Posted on January 10, 2023

Children evacuated from Germany on the Kindertransport in 1938/1939 are given candies in Southampton, England (photo credit: MAARIV)

The UK Parliament is set to exhibit 30 portraits of people affected by the Holocaust, genocide or identity-based persecution in honor of Holocaust Remembrance Day which is marked internationally at the end of the month of January.

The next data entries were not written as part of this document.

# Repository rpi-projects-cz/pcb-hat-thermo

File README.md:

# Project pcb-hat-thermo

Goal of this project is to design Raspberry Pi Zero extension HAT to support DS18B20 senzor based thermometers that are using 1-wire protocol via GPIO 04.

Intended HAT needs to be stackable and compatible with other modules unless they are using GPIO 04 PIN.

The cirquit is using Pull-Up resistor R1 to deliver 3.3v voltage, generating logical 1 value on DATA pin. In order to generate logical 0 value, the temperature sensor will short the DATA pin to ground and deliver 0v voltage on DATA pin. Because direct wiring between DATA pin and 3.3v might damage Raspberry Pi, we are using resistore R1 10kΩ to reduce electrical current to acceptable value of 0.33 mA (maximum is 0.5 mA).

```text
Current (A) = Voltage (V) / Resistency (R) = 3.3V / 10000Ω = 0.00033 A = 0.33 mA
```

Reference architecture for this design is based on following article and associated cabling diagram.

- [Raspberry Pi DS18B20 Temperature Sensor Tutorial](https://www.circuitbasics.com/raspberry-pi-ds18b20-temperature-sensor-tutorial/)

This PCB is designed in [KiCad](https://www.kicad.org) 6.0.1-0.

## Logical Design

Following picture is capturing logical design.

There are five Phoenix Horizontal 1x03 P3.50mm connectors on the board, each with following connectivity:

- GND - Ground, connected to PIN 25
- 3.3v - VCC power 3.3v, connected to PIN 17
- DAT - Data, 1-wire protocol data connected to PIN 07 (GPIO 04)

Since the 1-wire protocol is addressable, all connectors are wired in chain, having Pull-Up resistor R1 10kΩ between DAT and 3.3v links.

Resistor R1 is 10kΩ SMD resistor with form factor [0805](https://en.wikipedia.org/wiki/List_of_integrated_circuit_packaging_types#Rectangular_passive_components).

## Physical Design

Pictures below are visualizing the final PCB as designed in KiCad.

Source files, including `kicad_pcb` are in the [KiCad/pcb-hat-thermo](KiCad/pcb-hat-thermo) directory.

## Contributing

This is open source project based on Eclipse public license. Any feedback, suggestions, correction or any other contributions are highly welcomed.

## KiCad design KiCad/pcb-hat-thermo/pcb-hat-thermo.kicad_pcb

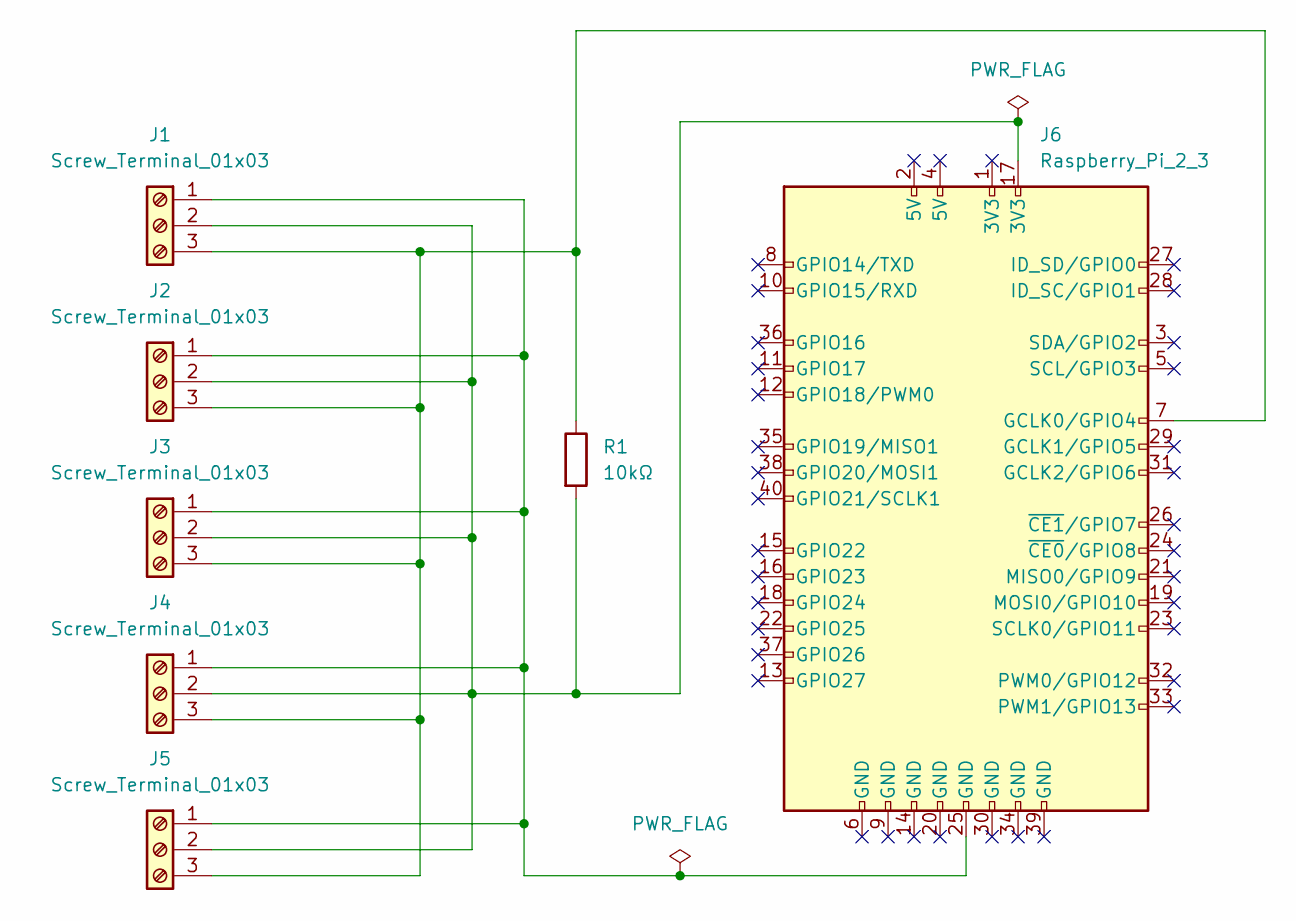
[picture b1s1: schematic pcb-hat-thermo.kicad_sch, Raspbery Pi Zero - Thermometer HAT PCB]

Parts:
J1, J2, J3, J4, J5: Screw_Terminal_01x03; PhoenixContact_MC_1,5_3-G-3.5_1x03_P3.50mm_Horizontal
J6: Raspberry_Pi_2_3; Raspberry_Pi_Zero_Custom_with_Header
R1: 10kΩ; R_0805_2012Metric

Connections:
unnamed: J1.1, J2.1, J3.1, J4.1, J5.1, J6.25 (GND)
unnamed: J1.2, J2.2, J3.2, J4.2, J5.2, J6.17 (3V3), R1.2
unnamed: J1.3, J2.3, J3.3, J4.3, J5.3, J6.7 (GCLK0/GPIO4), R1.1

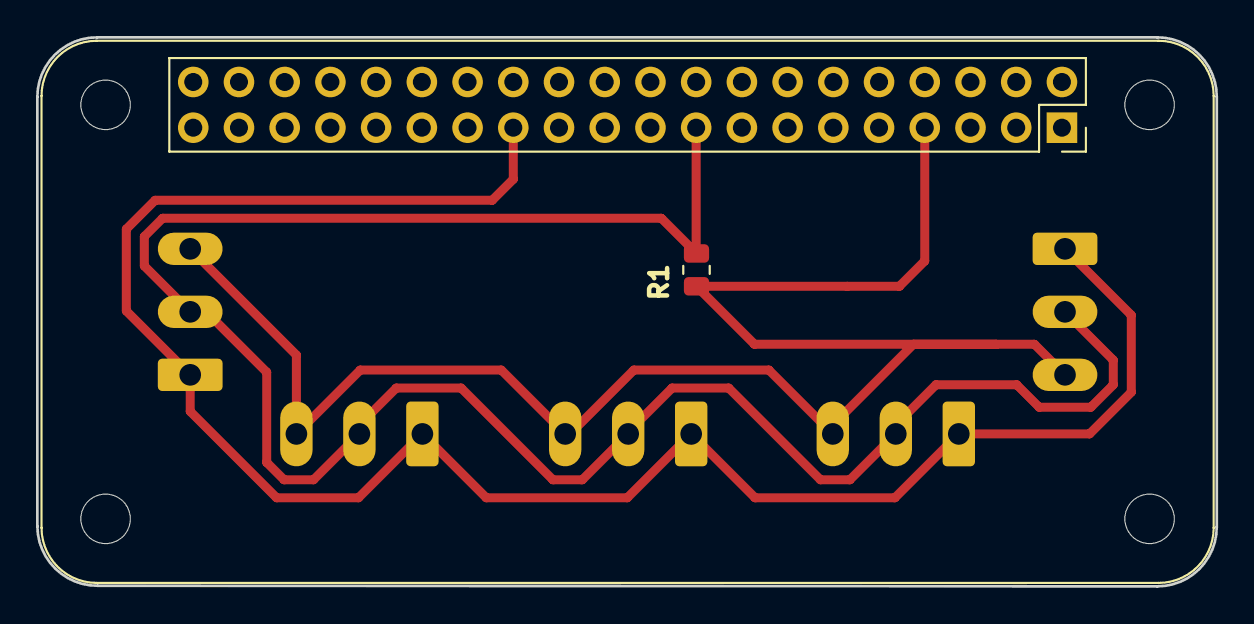
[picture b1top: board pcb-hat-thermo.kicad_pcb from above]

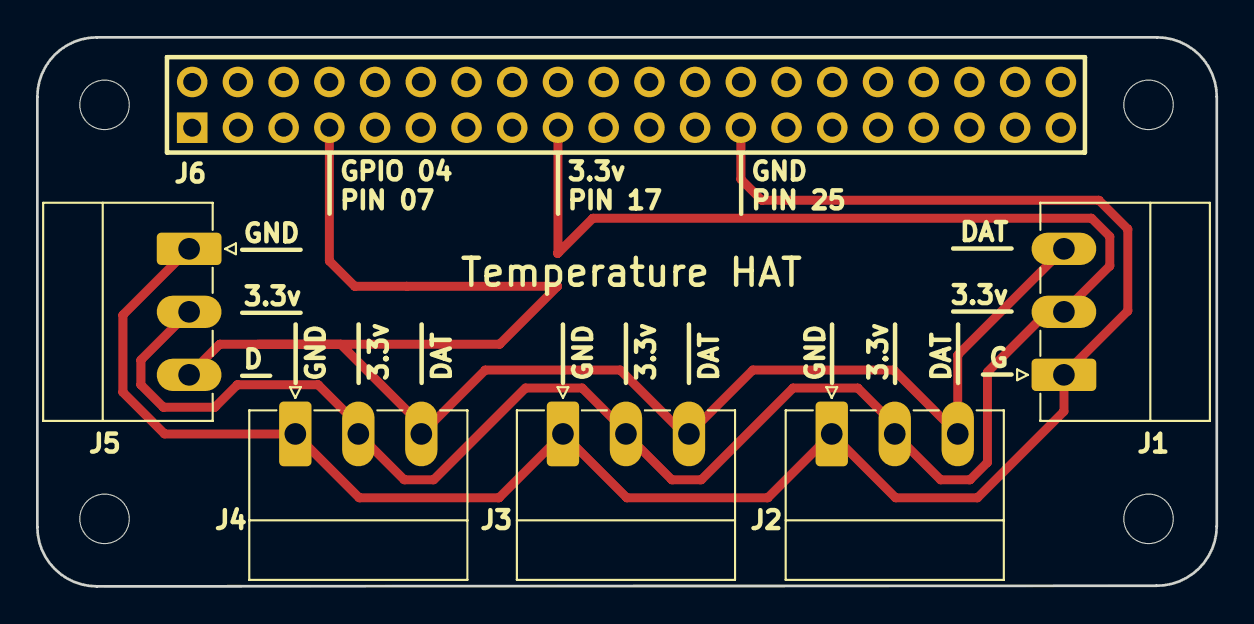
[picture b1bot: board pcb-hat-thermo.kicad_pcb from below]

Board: 2 copper layers, 65.5 x 30.5 mm, 7 parts (5 on the bottom side), 3 nets.

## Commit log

2022-02-14 Release 1
2022-02-14 Version 1.0
2022-02-14 Version 1.0
    * Initial commit
    * Release 1
    * Version 1.0

Four passengers of the Kindertransport are featured in the portraits: An ink and dipping brush drawing of couple Ann and Bob Kirk by Ellie Jones, a drawing of Bronia Snow by Ali Simmons, and a drawing of Fay Healey by 10-year-old Cerys.

Ann and Bob were on separate Kindertransports and only met later in life after the war in 1950. The two married and had two children.

Bronia was on a transport from Prague when she was 11 and was sent to a foster family. She never saw her biological family ever again. She told Simmons that she struggled with faith after the horrors of the Holocaust, but Simmons noted that “Bronia seems resilient, kind and curious.”

Fay Healey was on a 1938 transport from Poland at the age of 11. As an adult, Fay was a lollipop lady (a person who helps children cross the road when they are on the way to and from school) at Lander Road Primary School and St. Elizabeth Primary School.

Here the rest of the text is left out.